What is Data Automation?
Eliminating human interference from tasks like extract, transform, load (ETL), data integration, data validation, and data analytics is known as data automation.
Data processing and retrieval are improved with new Amazon Bedrock features.
Amazon Bedrock Data Automation(Preview)
You can easily and affordably create automated workflows for media analysis, intelligent document processing (IDP), and retrieval-augmented generation (RAG) with Amazon Bedrock Data Automation. Video recaps of significant events, the identification of offensive visual material, automated document analysis, and much more are examples of insights. Outputs can be altered to fit insights into your own company requirements. When creating a knowledge base for RAG processes, Amazon Bedrock Data Automation may be utilized as a parser or as a stand-alone tool.
Multimodal data is now processed by Amazon Bedrock Knowledge Bases: You may set up a knowledge base to parse documents using either Amazon Bedrock Data Automation or a foundation model (FM) as the parser to assist in developing applications that handle both text and visual aspects in documents and photos. The accuracy and applicability of the answers you receive from a knowledge base that has information contained in both text and graphics can be enhanced by multimodal data processing.
GraphRAG (preview) is currently supported by Amazon Bedrock Knowledge Bases: One of the first fully-managed GraphRAG capabilities is now available from us. By combining RAG methods with graphs, GraphRAG improves generative AI applications by giving end users more thorough and accurate replies.
Structured data retrieval is now supported by Amazon Bedrock Knowledge Bases: By adding vital enterprise data, this feature expands a knowledge base to enable natural language querying of data lakes and warehouses, enabling applications to access business intelligence (BI) through conversational interfaces and increase answer accuracy. One of the first completely managed off-the-shelf RAG solutions that can natively query structured data from its location is offered by Amazon Bedrock Knowledge Bases. This feature speeds up the process of developing generative AI applications from more than a month to a few days and aids in dismantling data silos across data sources.

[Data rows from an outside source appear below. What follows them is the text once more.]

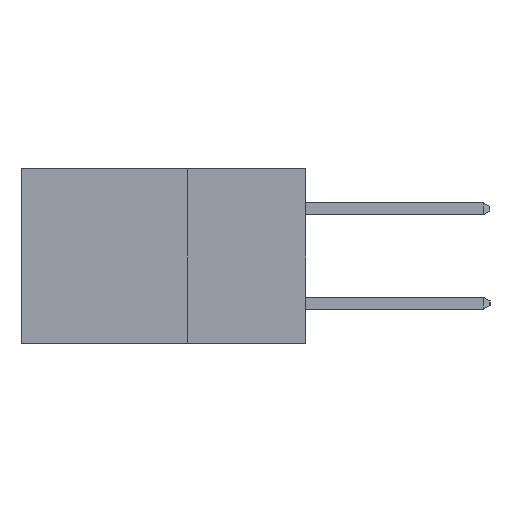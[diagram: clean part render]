
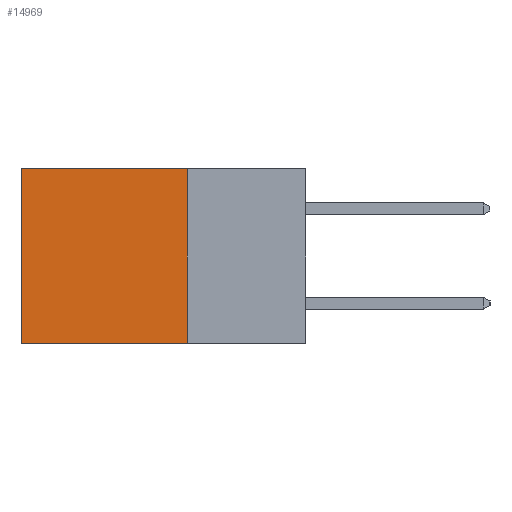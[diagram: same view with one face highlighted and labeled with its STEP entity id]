
A CAD part, left-side view. The second image highlights one B-rep face of the part: STEP entity #14969.
In plain terms, the highlighted planar face has unit normal (-1, 0, 0).
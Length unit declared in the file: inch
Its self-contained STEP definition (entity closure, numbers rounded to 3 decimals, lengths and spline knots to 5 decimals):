
#1450 = VERTEX_POINT ( 'NONE', #15269 ) ;
#1526 = VERTEX_POINT ( 'NONE', #7689 ) ;
#1860 = CARTESIAN_POINT ( 'NONE',  ( 0.2615, 0.25, -0.37 ) ) ;
#2456 = DIRECTION ( 'NONE',  ( 0., 1., 0. ) ) ;
#2564 = EDGE_CURVE ( 'NONE', #1526, #1450, #10168, .T. ) ;
#3406 = EDGE_CURVE ( 'NONE', #20355, #20654, #20482, .T. ) ;
#4046 = CARTESIAN_POINT ( 'NONE',  ( 0.2615, 0.6, -0.37 ) ) ;
#4098 = DIRECTION ( 'NONE',  ( 0., 0., -1. ) ) ;
#4717 = PLANE ( 'NONE',  #18218 ) ;
#4786 = CARTESIAN_POINT ( 'NONE',  ( 0.2615, 0.25, -0.37 ) ) ;
#5596 = EDGE_LOOP ( 'NONE', ( #6876, #19936, #13981, #13180 ) ) ;
#5802 = VECTOR ( 'NONE', #5864, 39.37008 ) ;
#5864 = DIRECTION ( 'NONE',  ( 0., 0., -1. ) ) ;
#6475 = DIRECTION ( 'NONE',  ( 0., 0., -1. ) ) ;
#6876 = ORIENTED_EDGE ( 'NONE', *, *, #3406, .T. ) ;
#7689 = CARTESIAN_POINT ( 'NONE',  ( 0.2615, 0.25, 0. ) ) ;
#10168 = LINE ( 'NONE', #1860, #5802 ) ;
#10320 = CARTESIAN_POINT ( 'NONE',  ( 0.2615, 0.6, -0.37 ) ) ;
#12496 = CARTESIAN_POINT ( 'NONE',  ( 0.2615, 0.25, -0.37 ) ) ;
#13180 = ORIENTED_EDGE ( 'NONE', *, *, #13284, .T. ) ;
#13284 = EDGE_CURVE ( 'NONE', #1526, #20355, #19719, .T. ) ;
#13981 = ORIENTED_EDGE ( 'NONE', *, *, #2564, .F. ) ;
#14969 = ADVANCED_FACE ( 'NONE', ( #16290 ), #4717, .F. ) ;
#15269 = CARTESIAN_POINT ( 'NONE',  ( 0.2615, 0.25, -0.37 ) ) ;
#15359 = VECTOR ( 'NONE', #20235, 39.37008 ) ;
#16080 = VECTOR ( 'NONE', #4098, 39.37008 ) ;
#16290 = FACE_OUTER_BOUND ( 'NONE', #5596, .T. ) ;
#16359 = DIRECTION ( 'NONE',  ( 1., 0., 0. ) ) ;
#17163 = LINE ( 'NONE', #12496, #21040 ) ;
#17888 = EDGE_CURVE ( 'NONE', #1450, #20654, #17163, .T. ) ;
#18165 = CARTESIAN_POINT ( 'NONE',  ( 0.2615, 0.6, 0. ) ) ;
#18218 = AXIS2_PLACEMENT_3D ( 'NONE', #4786, #16359, #6475 ) ;
#18565 = CARTESIAN_POINT ( 'NONE',  ( 0.2615, 0.25, 0. ) ) ;
#19719 = LINE ( 'NONE', #18565, #15359 ) ;
#19936 = ORIENTED_EDGE ( 'NONE', *, *, #17888, .F. ) ;
#20235 = DIRECTION ( 'NONE',  ( 0., 1., 0. ) ) ;
#20355 = VERTEX_POINT ( 'NONE', #18165 ) ;
#20482 = LINE ( 'NONE', #10320, #16080 ) ;
#20654 = VERTEX_POINT ( 'NONE', #4046 ) ;
#21040 = VECTOR ( 'NONE', #2456, 39.37008 ) ;

Building full AI systems that can analyse, comprehend, and retrieve data from both structured and unstructured data sources is made simpler by these new capabilities. For instance, a vehicle insurance business may increase the efficiency of their claims department by automating their claims adjudication workflow with Amazon Bedrock Data Automation. This would cut down on the time it takes to process auto claims.
In a similar vein, a media business can examine television programs and extract information such as scene summaries, industry standard advertising taxonomy (IAB), and brand logos that are necessary for strategic ad placement. A media production business can record important points in their video assets and provide scene-by-scene recaps. A financial services organisation can utilise GraphRAG to comprehend the links between various financial institutions and handle intricate financial records using tables and charts. All of these businesses may query their data warehouse and get information from their knowledge base using structured data retrieval.
Let’s examine these qualities in more detail.
Presenting Amazon Bedrock Data Automation
One feature of Amazon Bedrock that makes it easier to extract useful insights from multimodal, unstructured content like documents, photos, videos, and audio files is Amazon Bedrock Data Automation.
Developers can process multimodal material using a single interface with Amazon Bedrock Data Automation’s unified, API-driven experience, which removes the need to coordinate and maintain several AI models and services. The quality and reliability of the extracted insights are enhanced by Amazon Bedrock Data Automation’s built-in protections, which include visual grounding and confidence scores. This facilitates integration into organizational processes.
Four modalities are supported by Amazon Bedrock Data Automation: documents, photos, video, and audio. Results are written to an Amazon Simple Storage Service (Amazon S3) bucket, and all modalities utilize the same asynchronous inference API when utilized in an application.
You may create two different output kinds for each modality by configuring the output according to your processing requirements:
Standard output: Standard output provides you with preset insights that are predetermined and pertinent to the type of supplied data. Semantic document representation, scene-by-scene video summaries, audio transcripts, and more are a few examples. It only takes a few steps to specify which insights you wish to collect.
Custom output: With custom output, you may use artefacts known as “blueprints” to define and describe your extraction needs and provide insights that are specific to your business needs. Additionally, you have the option to convert the output into a certain format or schema that works with your downstream systems, such databases or other apps.
All formats (audio, documents, photos, and videos) can be utilised with standard output. Custom output is limited to documents and photos during the preview.
The Amazon Bedrock Data Automation inference API allows users to store both standard and bespoke output configurations in a project for later use. For every processed file, a project may be set up to provide both standard and bespoke output.